Notes and Constraints

CDM System Notes and Constraints

Due to specifications restrictions, the free CDM cluster provided by a DataArts Studio instance can only be used for tests or as a data connection agent.
You can purchase CDM clusters of other specifications on the DataArts Studio console as incremental packages or directly purchase clusters on the CDM console. The differences are as follows:
1. Package billing: CDM clusters purchased on the DataArts Studio console can be billed only by packages purchased on the DataArts Studio console. CDM clusters purchased on the CDM console can be billed only by discount packages purchased on the CDM console.
2. Permission control: Permissions of the CDM clusters purchased on the DataArts Studio console are managed based on the DataArts Studio permission system. Permissions of the clusters purchased on the CDM console are managed based on the CDM permission system.
3. Application scenarios: Clusters purchased on the DataArts Studio console are isolated by workspace and can be used only in associated workspaces. Clusters purchased on the CDM console do not support workspace-level resource isolation and can be used in all DataArts Studio workspaces.
You cannot modify the flavor of an existing cluster. If you require a higher flavor, create a cluster with your desired flavor.
The CDM cluster version (Arm or x86) is determined by the architecture of underlying resources.
CDM does not support the function of controlling the data migration speed. Therefore, do not perform data migration during peak hours.
During data migration, CDM imposes pressure on the data source. You are advised to create a database account for data migration and configure an account policy to reduce the resource consumption of the data source.
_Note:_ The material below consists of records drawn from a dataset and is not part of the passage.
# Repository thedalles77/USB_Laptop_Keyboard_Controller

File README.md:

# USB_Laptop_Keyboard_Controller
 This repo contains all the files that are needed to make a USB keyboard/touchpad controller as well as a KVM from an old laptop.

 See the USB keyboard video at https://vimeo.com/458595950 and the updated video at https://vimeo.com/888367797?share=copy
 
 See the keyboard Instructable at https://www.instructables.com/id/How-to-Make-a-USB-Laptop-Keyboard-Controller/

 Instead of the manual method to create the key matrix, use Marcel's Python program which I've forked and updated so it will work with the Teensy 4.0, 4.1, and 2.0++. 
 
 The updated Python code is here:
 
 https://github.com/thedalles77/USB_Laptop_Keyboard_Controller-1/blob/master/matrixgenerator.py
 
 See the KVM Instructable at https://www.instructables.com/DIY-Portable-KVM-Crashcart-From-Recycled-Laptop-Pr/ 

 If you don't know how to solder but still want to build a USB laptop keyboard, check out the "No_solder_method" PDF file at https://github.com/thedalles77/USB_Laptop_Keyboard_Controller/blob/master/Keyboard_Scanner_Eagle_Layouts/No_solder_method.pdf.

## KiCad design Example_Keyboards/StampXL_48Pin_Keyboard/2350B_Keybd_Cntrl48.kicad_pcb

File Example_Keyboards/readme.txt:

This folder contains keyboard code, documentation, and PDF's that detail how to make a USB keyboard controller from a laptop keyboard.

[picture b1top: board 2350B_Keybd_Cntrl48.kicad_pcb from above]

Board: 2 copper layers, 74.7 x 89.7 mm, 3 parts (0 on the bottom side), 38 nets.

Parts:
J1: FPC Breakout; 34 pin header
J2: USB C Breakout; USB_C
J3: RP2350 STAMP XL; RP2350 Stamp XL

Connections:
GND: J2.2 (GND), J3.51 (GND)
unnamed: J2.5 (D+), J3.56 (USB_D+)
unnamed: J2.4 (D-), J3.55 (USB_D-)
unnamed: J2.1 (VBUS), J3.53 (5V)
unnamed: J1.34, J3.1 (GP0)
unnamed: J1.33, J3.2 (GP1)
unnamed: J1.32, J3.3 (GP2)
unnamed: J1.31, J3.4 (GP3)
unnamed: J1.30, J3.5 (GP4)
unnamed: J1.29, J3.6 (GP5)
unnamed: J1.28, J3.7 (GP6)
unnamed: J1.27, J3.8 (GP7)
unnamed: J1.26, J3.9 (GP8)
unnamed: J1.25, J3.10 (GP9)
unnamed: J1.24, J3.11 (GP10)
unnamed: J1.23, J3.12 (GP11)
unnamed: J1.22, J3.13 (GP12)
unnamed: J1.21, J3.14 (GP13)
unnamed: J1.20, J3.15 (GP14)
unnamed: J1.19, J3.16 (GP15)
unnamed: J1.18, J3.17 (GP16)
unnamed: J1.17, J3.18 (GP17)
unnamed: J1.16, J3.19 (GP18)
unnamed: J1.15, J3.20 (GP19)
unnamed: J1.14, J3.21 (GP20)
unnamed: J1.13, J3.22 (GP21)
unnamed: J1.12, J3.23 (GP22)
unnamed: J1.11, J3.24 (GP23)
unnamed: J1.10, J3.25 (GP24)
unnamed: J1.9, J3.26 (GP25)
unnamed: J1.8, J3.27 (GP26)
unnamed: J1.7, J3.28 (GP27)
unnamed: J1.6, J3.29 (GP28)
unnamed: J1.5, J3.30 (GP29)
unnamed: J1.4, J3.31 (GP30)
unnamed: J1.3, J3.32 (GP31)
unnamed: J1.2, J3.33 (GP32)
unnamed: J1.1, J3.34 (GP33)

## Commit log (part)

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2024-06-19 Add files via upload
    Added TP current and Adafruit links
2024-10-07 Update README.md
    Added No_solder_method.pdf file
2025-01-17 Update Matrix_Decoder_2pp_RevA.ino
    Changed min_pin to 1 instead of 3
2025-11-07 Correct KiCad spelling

For example, you can configure a policy to delete the connections of the account when the CPU usage exceeds 30% to prevent impact on services.
The baseline and maximum bandwidths of the NIC of the cdm.large CDM instance is 0.8 Gbit/s and 3 Gbit/s, respectively. The theoretical maximum volume of data that can be transmitted per instance per day is about 8 TB. Similarly, the baseline and maximum bandwidths of the NIC of the cdm.xlarge instance are 4 Gbit/s and 10 Gbit/s, respectively, and the theoretical maximum volume of data that can be transmitted per instance per day is about 40 TB. The baseline and maximum bandwidths of the NIC of the cdm.4xlarge instance is 36 Gbit/s and 40 Gbit/s, respectively, and the theoretical maximum volume of data that can be transmitted per instance per day is about 360 TB. You can use multiple CDM instances if you want faster data transfer.
The actual amount of data that can be migrated in a day depends on the data source type, the read and write performance of the source and destination, and the actual available bandwidth. Typically you can migrate as much as 8 TB per day (large file migration to OBS) using the cdm.large instance. It is recommended that you test the speed with a small amount of data before migration.
CDM supports incremental file migration (by skipping repeated files), but does not support resumable transfer.
For example, if three files are to be migrated and the second file fails to be migrated due to the network fault. When the migration task is started again, the first file is skipped. The second file, however, cannot be migrated from the point where the fault occurs, but can only be migrated again.
During file migration, a single task supports millions of files. If there are too many files in the directory to be migrated, you are advised to split the files into different directories and create multiple tasks.
You can export links and jobs configured on CDM to a local directory. To ensure password security, CDM does not export the link password of the corresponding data source. Therefore, before importing job configurations to CDM, you need to manually input the password in the exported JSON file or configure the password in the import dialog box.
The cluster cannot automatically upgrade to a new version. You need to use the job export and import functions to upgrade the cluster to the new version.
If OBS is unavailable, CDM does not automatically back up users' job configurations. You need to export and back up configuration data using the export function.
If VPC peering connection is configured, the peer VPC subnet may overlap with the CDM management network. As a result, data sources in the peer VPC cannot be accessed. You are advised to use the public network for cross-VPC data migration, or contact the administrator to add specific routes to the VPC peering connection in the CDM background.
If the destination of a CDM job is a DWS or NewSQL database, constraints of the source end, such as the primary key and unique index, cannot be migrated together.
When performing a CDM job, ensure that the JSON file formats of the two clusters are the same so that jobs can be imported from the source cluster to the destination cluster.
If a running job is interrupted unexpectedly, the data that has been written to the destination will not be deleted. You must manually delete the data if needed.
The size of a file to be transferred cannot exceed 1 TB.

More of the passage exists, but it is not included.